* [Exercise brief]: All lines from the one containing "Module3_outputs/3 -> Bus Element Out19/1" to the end of the listing below are to be reproduced exactly, and no others.

********

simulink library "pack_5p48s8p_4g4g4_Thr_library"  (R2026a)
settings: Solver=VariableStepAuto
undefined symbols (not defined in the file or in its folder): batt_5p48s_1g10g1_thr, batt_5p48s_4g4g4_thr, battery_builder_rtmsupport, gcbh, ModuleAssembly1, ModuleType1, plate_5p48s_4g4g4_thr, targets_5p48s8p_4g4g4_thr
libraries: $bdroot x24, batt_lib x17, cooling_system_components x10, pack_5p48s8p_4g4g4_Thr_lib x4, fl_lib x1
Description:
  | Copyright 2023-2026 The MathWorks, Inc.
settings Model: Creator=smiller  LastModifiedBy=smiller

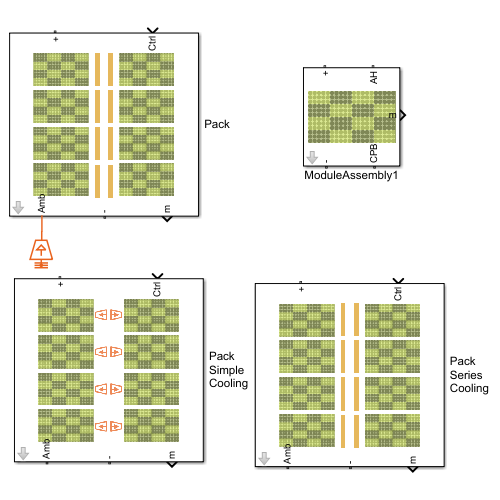
[thumbnail: Simulink's stored preview of the top-level diagram]
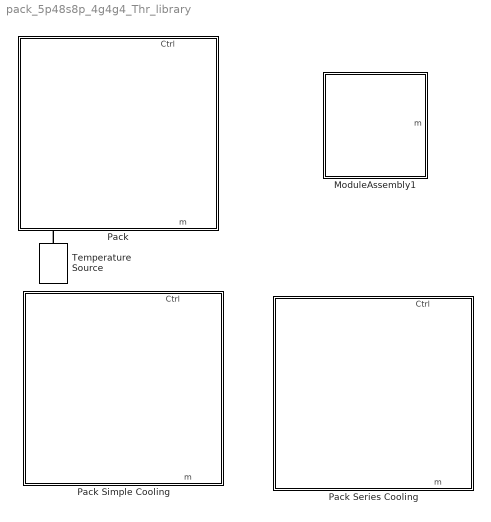
== system pack_5p48s8p_4g4g4_Thr_library ==
  ModuleAssembly1 : Subsystem  LoadFcn=battery_builder_rtmsupport('loadfcn',gcbh);  mask{Cell=ModuleType1, Targets=ModuleAssembly1, BatteryObj=batt_5p48s_1g10g1_thr}
      mask prompts: Cell "Cell Parameters"; Targets "Cell Targets"; BatteryObj "Battery Object"
      settings: PreCopyFcn=battery_builder_rtmsupport('precopyfcn',gcbh);  PreDeleteFcn=battery_builder_rtmsupport('predeletefcn',gcbh);  PortSchema="{\"entries\":[{\"content\":{\"sides\":[{\"content\":{\"connectorIds\":[\"LConn1\",\"LConn2\"]},\"type\":\"ConnectorPlacement.EquallySpacedRectSide\",\"uuid\":\"bc91a472-35c0-4041-89a6-b649b08794f0\"},{\"content\":{\"connectorIds\":[\"RConn1\",\"RConn2\"],\"side\":\"RIGHT\"},\"type\":\"ConnectorPlacement.EquallySpacedRectSide\",\"uuid\":\"4a390b53-12a2-4d2f-9537-abc76db307f8\"},{\"content\":{\"connectorIds\":[],\"side\":\"TOP\"},\"type\":\"ConnectorPlacement.EquallySpacedRectSide\",\"uuid\":\"1a7ed896-4ada-4d88-995c-c24bd39ee86b\"},{\"content\":{\"connectorIds\":[\"Out1\"],\"side\":\"BOTTOM\"},\"type\":\"ConnectorPlacement.EquallySpacedRectSide\",\"uuid\":\"e36c911b-adc9-44cf-bfab-32777b2ec35c\"}]},\"type\":\"ConnectorPlacement.EquallySpacedConnector\",\"uuid\":\"4e67d65b-f12d-4d00-91b0-7eadb0a42625\"}],\"packageUris\":[\"http://schema.mathworks.com/mf0/Connector/R2020b\"],\"version\":\"1.0\"}"
      mask Display: image('module_5p48s_4g4g4_IMAGE.png')
  Pack : Subsystem  LoadFcn=battery_builder_rtmsupport('loadfcn',gcbh);  mask{cell_param=ModuleType1, targets=targets_5p48s8p_4g4g4_thr, plate=plate_5p48s_4g4g4_thr, batt_obj=batt_5p48s_4g4g4_thr}
      mask prompts: cell_param "Cell Parameters"; targets "Cell Targets"; plate "Plate Parameters"; batt_obj "Battery Object"
      settings: PreCopyFcn=battery_builder_rtmsupport('precopyfcn',gcbh);  PreDeleteFcn=battery_builder_rtmsupport('predeletefcn',gcbh);
      mask Display: image('pack_5p48s8p_4g4g4_plate_IMAGE.png')
  Pack Series Cooling : Subsystem  LoadFcn=battery_builder_rtmsupport('loadfcn',gcbh);  mask{cell_param=ModuleType1, targets=targets_5p48s8p_4g4g4_thr, plate=plate_5p48s_4g4g4_thr, batt_obj=batt_5p48s_4g4g4_thr}
      mask prompts: cell_param "Cell Parameters"; targets "Cell Targets"; plate "Plate Parameters"; batt_obj "Battery Object"
      settings: PreCopyFcn=battery_builder_rtmsupport('precopyfcn',gcbh);  PreDeleteFcn=battery_builder_rtmsupport('predeletefcn',gcbh);
      mask Display: image('pack_5p48s8p_4g4g4_plate_IMAGE.png')
  Pack Simple Cooling : Subsystem  LoadFcn=battery_builder_rtmsupport('loadfcn',gcbh);  mask{cell_param=ModuleType1, targets=targets_5p48s8p_4g4g4_thr, plate=plate_5p48s_4g4g4_thr, batt_obj=batt_5p48s_4g4g4_thr, coolant_temp=[23 25]}
      mask prompts: cell_param "Cell Parameters"; targets "Cell Targets"; plate "Plate Parameters"; batt_obj "Battery Object"; coolant_temp "Coolant Temperature [In, Out] (degC)"
      settings: PreCopyFcn=battery_builder_rtmsupport('precopyfcn',gcbh);  PreDeleteFcn=battery_builder_rtmsupport('predeletefcn',gcbh);
      mask Display: image('pack_5p48s8p_4g4g4_bcnd_IMAGE.png')
  Temperature Source : fl_lib/Thermal/Thermal Sources/Temperature Source  temperature=298 K
  connections:
  Temperature Source/LConn1 -- Pack/RConn2

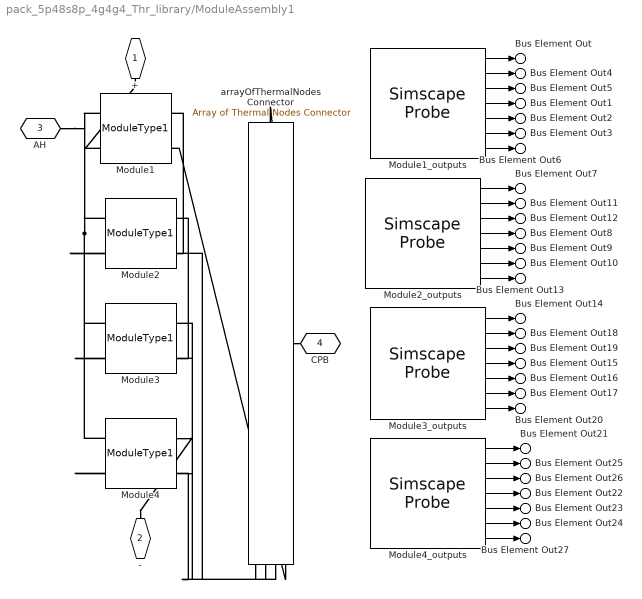
== system pack_5p48s8p_4g4g4_Thr_library/ModuleAssembly1 ==
  Module1 : pack_5p48s8p_4g4g4_Thr_lib/Modules/ModuleType1  BatteryCapacityCell=ModuleType1.BatteryCapacityCell A*hr  ExtrapolationMethodCell=simscape.enum.extrapolation.nearest  SOCBreakpointsCell=ModuleType1.SOCBreakpointsCell  TemperatureBreakpointsCell=ModuleType1.TemperatureBreakpointsCell K  OpenCircuitVoltageThermalCell=ModuleType1.OpenCircuitVoltageThermalCell V  VoltageRangeCell=ModuleType1.VoltageRangeCell V  ResistanceSOCBreakpointsCell=ModuleType1.ResistanceSOCBreakpointsCell  ResistanceTemperatureBreakpointsCell=ModuleType1.ResistanceTemperatureBreakpointsCell K  R0ThermalCell=ModuleType1.R0ThermalCell Ohm  BatteryThermalMassCell=ModuleType1.BatteryThermalMassCell J/K  CoolantResistance=Cell.CoolantResistance K/W  AmbientResistance=Cell.AmbientResistance K/W  socCell_specify=off  socCell_priority=High  socCell=repmat(1, 3, 1)  socCell_nominal_specify=off  socCell_nominal_value=1  socCell_nominal_unit=1  batteryVoltage_specify=off  batteryVoltage_priority=None  batteryVoltage=repmat(0, 3, 1) V  batteryVoltage_nominal_specify=off  batteryVoltage_nominal_value=1  batteryVoltage_nominal_unit=V  batteryCurrent_specify=off  batteryCurrent_priority=None  batteryCurrent=repmat(0, 3, 1) A  batteryCurrent_nominal_specify=off  batteryCurrent_nominal_value=1  batteryCurrent_nominal_unit=A  numCycles_specify=off  numCycles_priority=High  numCycles=repmat(0, 3, 1)  numCycles_nominal_specify=off  numCycles_nominal_value=1  numCycles_nominal_unit=1  batteryTemperature_specify=off  batteryTemperature_priority=High  batteryTemperature=repmat(298.15, 3, 1) K  batteryTemperature_nominal_specify=off  batteryTemperature_nominal_value=1  batteryTemperature_nominal_unit=K  vParallelAssembly_specify=on  vParallelAssembly_priority=None  vParallelAssembly=Targets.Module1.vParallelAssembly V  vParallelAssembly_nominal_specify=off  vParallelAssembly_nominal_value=1  vParallelAssembly_nominal_unit=V  socParallelAssembly_specify=on  socParallelAssembly_priority=None  socParallelAssembly=Targets.Module1.socParallelAssembly  socParallelAssembly_nominal_specify=off  socParallelAssembly_nominal_value=1  socParallelAssembly_nominal_unit=1
  Module1_outputs : SimscapeProbe  BoundBlock=1177  Variables="{\"batteryCurrent\":{\"Probing\":\"ON\"},\"batteryTemperature\":{\"Probing\":\"ON\"},\"batteryVoltage\":{\"Probing\":\"ON\"},\"iCell\":{\"Probing\":\"OFF\"},\"numCycles\":{\"Probing\":\"ON\"},\"numCyclesCell\":{\"Probing\":\"OFF\"},\"socCell\":{\"Probing\":\"ON\"},\"socParallelAssembly\":{\"Probing\":\"ON\"},\"temperatureCell\":{\"Probing\":\"OFF\"},\"vCell\":{\"Probing\":\"OFF\"},\"vParallelAssembly\":{\"Probing\":\"ON\"}}"
  Module2 : pack_5p48s8p_4g4g4_Thr_lib/Modules/ModuleType1  BatteryCapacityCell=ModuleType1.BatteryCapacityCell A*hr  ExtrapolationMethodCell=simscape.enum.extrapolation.nearest  SOCBreakpointsCell=ModuleType1.SOCBreakpointsCell  TemperatureBreakpointsCell=ModuleType1.TemperatureBreakpointsCell K  OpenCircuitVoltageThermalCell=ModuleType1.OpenCircuitVoltageThermalCell V  VoltageRangeCell=ModuleType1.VoltageRangeCell V  ResistanceSOCBreakpointsCell=ModuleType1.ResistanceSOCBreakpointsCell  ResistanceTemperatureBreakpointsCell=ModuleType1.ResistanceTemperatureBreakpointsCell K  R0ThermalCell=ModuleType1.R0ThermalCell Ohm  BatteryThermalMassCell=ModuleType1.BatteryThermalMassCell J/K  CoolantResistance=Cell.CoolantResistance K/W  AmbientResistance=Cell.AmbientResistance K/W  socCell_specify=off  socCell_priority=High  socCell=repmat(1, 3, 1)  socCell_nominal_specify=off  socCell_nominal_value=1  socCell_nominal_unit=1  batteryVoltage_specify=off  batteryVoltage_priority=None  batteryVoltage=repmat(0, 3, 1) V  batteryVoltage_nominal_specify=off  batteryVoltage_nominal_value=1  batteryVoltage_nominal_unit=V  batteryCurrent_specify=off  batteryCurrent_priority=None  batteryCurrent=repmat(0, 3, 1) A  batteryCurrent_nominal_specify=off  batteryCurrent_nominal_value=1  batteryCurrent_nominal_unit=A  numCycles_specify=off  numCycles_priority=High  numCycles=repmat(0, 3, 1)  numCycles_nominal_specify=off  numCycles_nominal_value=1  numCycles_nominal_unit=1  batteryTemperature_specify=off  batteryTemperature_priority=High  batteryTemperature=repmat(298.15, 3, 1) K  batteryTemperature_nominal_specify=off  batteryTemperature_nominal_value=1  batteryTemperature_nominal_unit=K  vParallelAssembly_specify=on  vParallelAssembly_priority=None  vParallelAssembly=Targets.Module2.vParallelAssembly V  vParallelAssembly_nominal_specify=off  vParallelAssembly_nominal_value=1  vParallelAssembly_nominal_unit=V  socParallelAssembly_specify=on  socParallelAssembly_priority=None  socParallelAssembly=Targets.Module2.socParallelAssembly  socParallelAssembly_nominal_specify=off  socParallelAssembly_nominal_value=1  socParallelAssembly_nominal_unit=1
  Module2_outputs : SimscapeProbe  BoundBlock=1178  Variables="{\"batteryCurrent\":{\"Probing\":\"ON\"},\"batteryTemperature\":{\"Probing\":\"ON\"},\"batteryVoltage\":{\"Probing\":\"ON\"},\"iCell\":{\"Probing\":\"OFF\"},\"numCycles\":{\"Probing\":\"ON\"},\"numCyclesCell\":{\"Probing\":\"OFF\"},\"socCell\":{\"Probing\":\"ON\"},\"socParallelAssembly\":{\"Probing\":\"ON\"},\"temperatureCell\":{\"Probing\":\"OFF\"},\"vCell\":{\"Probing\":\"OFF\"},\"vParallelAssembly\":{\"Probing\":\"ON\"}}"
  Module3 : pack_5p48s8p_4g4g4_Thr_lib/Modules/ModuleType1  BatteryCapacityCell=ModuleType1.BatteryCapacityCell A*hr  ExtrapolationMethodCell=simscape.enum.extrapolation.nearest  SOCBreakpointsCell=ModuleType1.SOCBreakpointsCell  TemperatureBreakpointsCell=ModuleType1.TemperatureBreakpointsCell K  OpenCircuitVoltageThermalCell=ModuleType1.OpenCircuitVoltageThermalCell V  VoltageRangeCell=ModuleType1.VoltageRangeCell V  ResistanceSOCBreakpointsCell=ModuleType1.ResistanceSOCBreakpointsCell  ResistanceTemperatureBreakpointsCell=ModuleType1.ResistanceTemperatureBreakpointsCell K  R0ThermalCell=ModuleType1.R0ThermalCell Ohm  BatteryThermalMassCell=ModuleType1.BatteryThermalMassCell J/K  CoolantResistance=Cell.CoolantResistance K/W  AmbientResistance=Cell.AmbientResistance K/W  socCell_specify=off  socCell_priority=High  socCell=repmat(1, 3, 1)  socCell_nominal_specify=off  socCell_nominal_value=1  socCell_nominal_unit=1  batteryVoltage_specify=off  batteryVoltage_priority=None  batteryVoltage=repmat(0, 3, 1) V  batteryVoltage_nominal_specify=off  batteryVoltage_nominal_value=1  batteryVoltage_nominal_unit=V  batteryCurrent_specify=off  batteryCurrent_priority=None  batteryCurrent=repmat(0, 3, 1) A  batteryCurrent_nominal_specify=off  batteryCurrent_nominal_value=1  batteryCurrent_nominal_unit=A  numCycles_specify=off  numCycles_priority=High  numCycles=repmat(0, 3, 1)  numCycles_nominal_specify=off  numCycles_nominal_value=1  numCycles_nominal_unit=1  batteryTemperature_specify=off  batteryTemperature_priority=High  batteryTemperature=repmat(298.15, 3, 1) K  batteryTemperature_nominal_specify=off  batteryTemperature_nominal_value=1  batteryTemperature_nominal_unit=K  vParallelAssembly_specify=on  vParallelAssembly_priority=None  vParallelAssembly=Targets.Module3.vParallelAssembly V  vParallelAssembly_nominal_specify=off  vParallelAssembly_nominal_value=1  vParallelAssembly_nominal_unit=V  socParallelAssembly_specify=on  socParallelAssembly_priority=None  socParallelAssembly=Targets.Module3.socParallelAssembly  socParallelAssembly_nominal_specify=off  socParallelAssembly_nominal_value=1  socParallelAssembly_nominal_unit=1
  Module3_outputs : SimscapeProbe  BoundBlock=1179  Variables="{\"batteryCurrent\":{\"Probing\":\"ON\"},\"batteryTemperature\":{\"Probing\":\"ON\"},\"batteryVoltage\":{\"Probing\":\"ON\"},\"iCell\":{\"Probing\":\"OFF\"},\"numCycles\":{\"Probing\":\"ON\"},\"numCyclesCell\":{\"Probing\":\"OFF\"},\"socCell\":{\"Probing\":\"ON\"},\"socParallelAssembly\":{\"Probing\":\"ON\"},\"temperatureCell\":{\"Probing\":\"OFF\"},\"vCell\":{\"Probing\":\"OFF\"},\"vParallelAssembly\":{\"Probing\":\"ON\"}}"
  Module4 : pack_5p48s8p_4g4g4_Thr_lib/Modules/ModuleType1  BatteryCapacityCell=ModuleType1.BatteryCapacityCell A*hr  ExtrapolationMethodCell=simscape.enum.extrapolation.nearest  SOCBreakpointsCell=ModuleType1.SOCBreakpointsCell  TemperatureBreakpointsCell=ModuleType1.TemperatureBreakpointsCell K  OpenCircuitVoltageThermalCell=ModuleType1.OpenCircuitVoltageThermalCell V  VoltageRangeCell=ModuleType1.VoltageRangeCell V  ResistanceSOCBreakpointsCell=ModuleType1.ResistanceSOCBreakpointsCell  ResistanceTemperatureBreakpointsCell=ModuleType1.ResistanceTemperatureBreakpointsCell K  R0ThermalCell=ModuleType1.R0ThermalCell Ohm  BatteryThermalMassCell=ModuleType1.BatteryThermalMassCell J/K  CoolantResistance=Cell.CoolantResistance K/W  AmbientResistance=Cell.AmbientResistance K/W  socCell_specify=off  socCell_priority=High  socCell=repmat(1, 3, 1)  socCell_nominal_specify=off  socCell_nominal_value=1  socCell_nominal_unit=1  batteryVoltage_specify=off  batteryVoltage_priority=None  batteryVoltage=repmat(0, 3, 1) V  batteryVoltage_nominal_specify=off  batteryVoltage_nominal_value=1  batteryVoltage_nominal_unit=V  batteryCurrent_specify=off  batteryCurrent_priority=None  batteryCurrent=repmat(0, 3, 1) A  batteryCurrent_nominal_specify=off  batteryCurrent_nominal_value=1  batteryCurrent_nominal_unit=A  numCycles_specify=off  numCycles_priority=High  numCycles=repmat(0, 3, 1)  numCycles_nominal_specify=off  numCycles_nominal_value=1  numCycles_nominal_unit=1  batteryTemperature_specify=off  batteryTemperature_priority=High  batteryTemperature=repmat(298.15, 3, 1) K  batteryTemperature_nominal_specify=off  batteryTemperature_nominal_value=1  batteryTemperature_nominal_unit=K  vParallelAssembly_specify=on  vParallelAssembly_priority=None  vParallelAssembly=Targets.Module4.vParallelAssembly V  vParallelAssembly_nominal_specify=off  vParallelAssembly_nominal_value=1  vParallelAssembly_nominal_unit=V  socParallelAssembly_specify=on  socParallelAssembly_priority=None  socParallelAssembly=Targets.Module4.socParallelAssembly  socParallelAssembly_nominal_specify=off  socParallelAssembly_nominal_value=1  socParallelAssembly_nominal_unit=1
  Module4_outputs : SimscapeProbe  BoundBlock=1180  Variables="{\"batteryCurrent\":{\"Probing\":\"ON\"},\"batteryTemperature\":{\"Probing\":\"ON\"},\"batteryVoltage\":{\"Probing\":\"ON\"},\"iCell\":{\"Probing\":\"OFF\"},\"numCycles\":{\"Probing\":\"ON\"},\"numCyclesCell\":{\"Probing\":\"OFF\"},\"socCell\":{\"Probing\":\"ON\"},\"socParallelAssembly\":{\"Probing\":\"ON\"},\"temperatureCell\":{\"Probing\":\"OFF\"},\"vCell\":{\"Probing\":\"OFF\"},\"vParallelAssembly\":{\"Probing\":\"ON\"}}"
  arrayOfThermalNodesConnector : batt_lib/Thermal/Array of Thermal Nodes Connector  numInputConnections=simscape.battery.enum.thermal.numArrayOfNodesConnections.four  concatenateDimension=2  complementaryDimensionsSize=1  inNode1NumElements=BatteryObj.Module(1).NumModels  inNode2NumElements=BatteryObj.Module(2).NumModels  inNode3NumElements=BatteryObj.Module(3).NumModels  inNode4NumElements=BatteryObj.Module(4).NumModels  inNode5NumElements=1  inNode6NumElements=1  inNode7NumElements=1  inNode8NumElements=1  inNode9NumElements=1  inNode10NumElements=1  inNode11NumElements=1  inNode12NumElements=1  inNode13NumElements=1  inNode14NumElements=1  inNode15NumElements=1  inNode16NumElements=1  inNode17NumElements=1  inNode18NumElements=1  inNode19NumElements=1  inNode20NumElements=1  inNode21NumElements=1  inNode22NumElements=1  inNode23NumElements=1  inNode24NumElements=1  inNode25NumElements=1  inNode26NumElements=1  inNode27NumElements=1  inNode28NumElements=1  inNode29NumElements=1  inNode30NumElements=1  inNode31NumElements=1  inNode32NumElements=1  inNode33NumElements=1  inNode34NumElements=1  inNode35NumElements=1  inNode36NumElements=1  inNode37NumElements=1  inNode38NumElements=1  inNode39NumElements=1  inNode40NumElements=1  inNode41NumElements=1  inNode42NumElements=1  inNode43NumElements=1  inNode44NumElements=1  inNode45NumElements=1  inNode46NumElements=1  inNode47NumElements=1  inNode48NumElements=1  inNode49NumElements=1  inNode50NumElements=1
  + : PMIOPort  Side=Left
  - : PMIOPort  Port=2  Side=Right
  AH : PMIOPort  Port=3  Side=Left
  CPB : PMIOPort  Port=4  Side=Right
  Bus Element Out : Outport  PortName=m  Element=i.M1
  Bus Element Out7 : Outport  PortName=m  Element=i.M2
  Bus Element Out14 : Outport  PortName=m  Element=i.M3
  Bus Element Out21 : Outport  PortName=m  Element=i.M4
  Bus Element Out1 : Outport  PortName=m  Element=cyc.M1
  Bus Element Out8 : Outport  PortName=m  Element=cyc.M2
  Bus Element Out15 : Outport  PortName=m  Element=cyc.M3
  Bus Element Out22 : Outport  PortName=m  Element=cyc.M4
  Bus Element Out2 : Outport  PortName=m  Element=socC.M1
  Bus Element Out9 : Outport  PortName=m  Element=socC.M2
  Bus Element Out16 : Outport  PortName=m  Element=socC.M3
  Bus Element Out23 : Outport  PortName=m  Element=socC.M4
  Bus Element Out3 : Outport  PortName=m  Element=socP.M1
  Bus Element Out10 : Outport  PortName=m  Element=socP.M2
  Bus Element Out17 : Outport  PortName=m  Element=socP.M3
  Bus Element Out24 : Outport  PortName=m  Element=socP.M4
  Bus Element Out4 : Outport  PortName=m  Element=T.M1
  Bus Element Out11 : Outport  PortName=m  Element=T.M2
  Bus Element Out18 : Outport  PortName=m  Element=T.M3
  Bus Element Out25 : Outport  PortName=m  Element=T.M4
  Bus Element Out5 : Outport  PortName=m  Element=vC.M1
  Bus Element Out12 : Outport  PortName=m  Element=vC.M2
  Bus Element Out19 : Outport  PortName=m  Element=vC.M3
  Bus Element Out26 : Outport  PortName=m  Element=vC.M4
  Bus Element Out6 : Outport  PortName=m  Element=vP.M1
  Bus Element Out13 : Outport  PortName=m  Element=vP.M2
  Bus Element Out20 : Outport  PortName=m  Element=vP.M3
  Bus Element Out27 : Outport  PortName=m  Element=vP.M4
  wires:
  Module1_outputs/1 -> Bus Element Out/1
  Module1_outputs/2 -> Bus Element Out4/1
  Module1_outputs/3 -> Bus Element Out5/1
  Module1_outputs/4 -> Bus Element Out1/1
  Module1_outputs/5 -> Bus Element Out2/1
  Module1_outputs/6 -> Bus Element Out3/1
  Module1_outputs/7 -> Bus Element Out6/1
  Module2_outputs/1 -> Bus Element Out7/1
  Module2_outputs/2 -> Bus Element Out11/1
  Module2_outputs/3 -> Bus Element Out12/1
  Module2_outputs/4 -> Bus Element Out8/1
  Module2_outputs/5 -> Bus Element Out9/1
  Module2_outputs/6 -> Bus Element Out10/1
  Module2_outputs/7 -> Bus Element Out13/1
  Module3_outputs/1 -> Bus Element Out14/1
  Module3_outputs/2 -> Bus Element Out18/1
  Module3_outputs/3 -> Bus Element Out19/1
  Module3_outputs/4 -> Bus Element Out15/1
  Module3_outputs/5 -> Bus Element Out16/1
  Module3_outputs/6 -> Bus Element Out17/1
  Module3_outputs/7 -> Bus Element Out20/1
  Module4_outputs/1 -> Bus Element Out21/1
  Module4_outputs/2 -> Bus Element Out25/1
  Module4_outputs/3 -> Bus Element Out26/1
  Module4_outputs/4 -> Bus Element Out22/1
  Module4_outputs/5 -> Bus Element Out23/1
  Module4_outputs/6 -> Bus Element Out24/1
  Module4_outputs/7 -> Bus Element Out27/1
  connections:
  Module2/LConn2 -- Module1/RConn1
  Module3/LConn2 -- Module2/RConn1
  Module4/LConn2 -- Module3/RConn1
  Module1/LConn2 -- +/RConn1
  Module4/RConn1 -- -/RConn1
  Module4/LConn1 -- Module3/LConn1 -- Module2/LConn1 -- Module1/LConn1 -- AH/RConn1
  arrayOfThermalNodesConnector/LConn2 -- Module3/RConn2
  arrayOfThermalNodesConnector/LConn4 -- Module1/RConn2
  arrayOfThermalNodesConnector/LConn3 -- Module2/RConn2
  arrayOfThermalNodesConnector/RConn1 -- CPB/RConn1
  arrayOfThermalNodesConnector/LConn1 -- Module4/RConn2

********

* [Response below]:
  Module3_outputs/3 -> Bus Element Out19/1
  Module3_outputs/4 -> Bus Element Out15/1
  Module3_outputs/5 -> Bus Element Out16/1
  Module3_outputs/6 -> Bus Element Out17/1
  Module3_outputs/7 -> Bus Element Out20/1
  Module4_outputs/1 -> Bus Element Out21/1
  Module4_outputs/2 -> Bus Element Out25/1
  Module4_outputs/3 -> Bus Element Out26/1
  Module4_outputs/4 -> Bus Element Out22/1
  Module4_outputs/5 -> Bus Element Out23/1
  Module4_outputs/6 -> Bus Element Out24/1
  Module4_outputs/7 -> Bus Element Out27/1
  connections:
  Module2/LConn2 -- Module1/RConn1
  Module3/LConn2 -- Module2/RConn1
  Module4/LConn2 -- Module3/RConn1
  Module1/LConn2 -- +/RConn1
  Module4/RConn1 -- -/RConn1
  Module4/LConn1 -- Module3/LConn1 -- Module2/LConn1 -- Module1/LConn1 -- AH/RConn1
  arrayOfThermalNodesConnector/LConn2 -- Module3/RConn2
  arrayOfThermalNodesConnector/LConn4 -- Module1/RConn2
  arrayOfThermalNodesConnector/LConn3 -- Module2/RConn2
  arrayOfThermalNodesConnector/RConn1 -- CPB/RConn1
  arrayOfThermalNodesConnector/LConn1 -- Module4/RConn2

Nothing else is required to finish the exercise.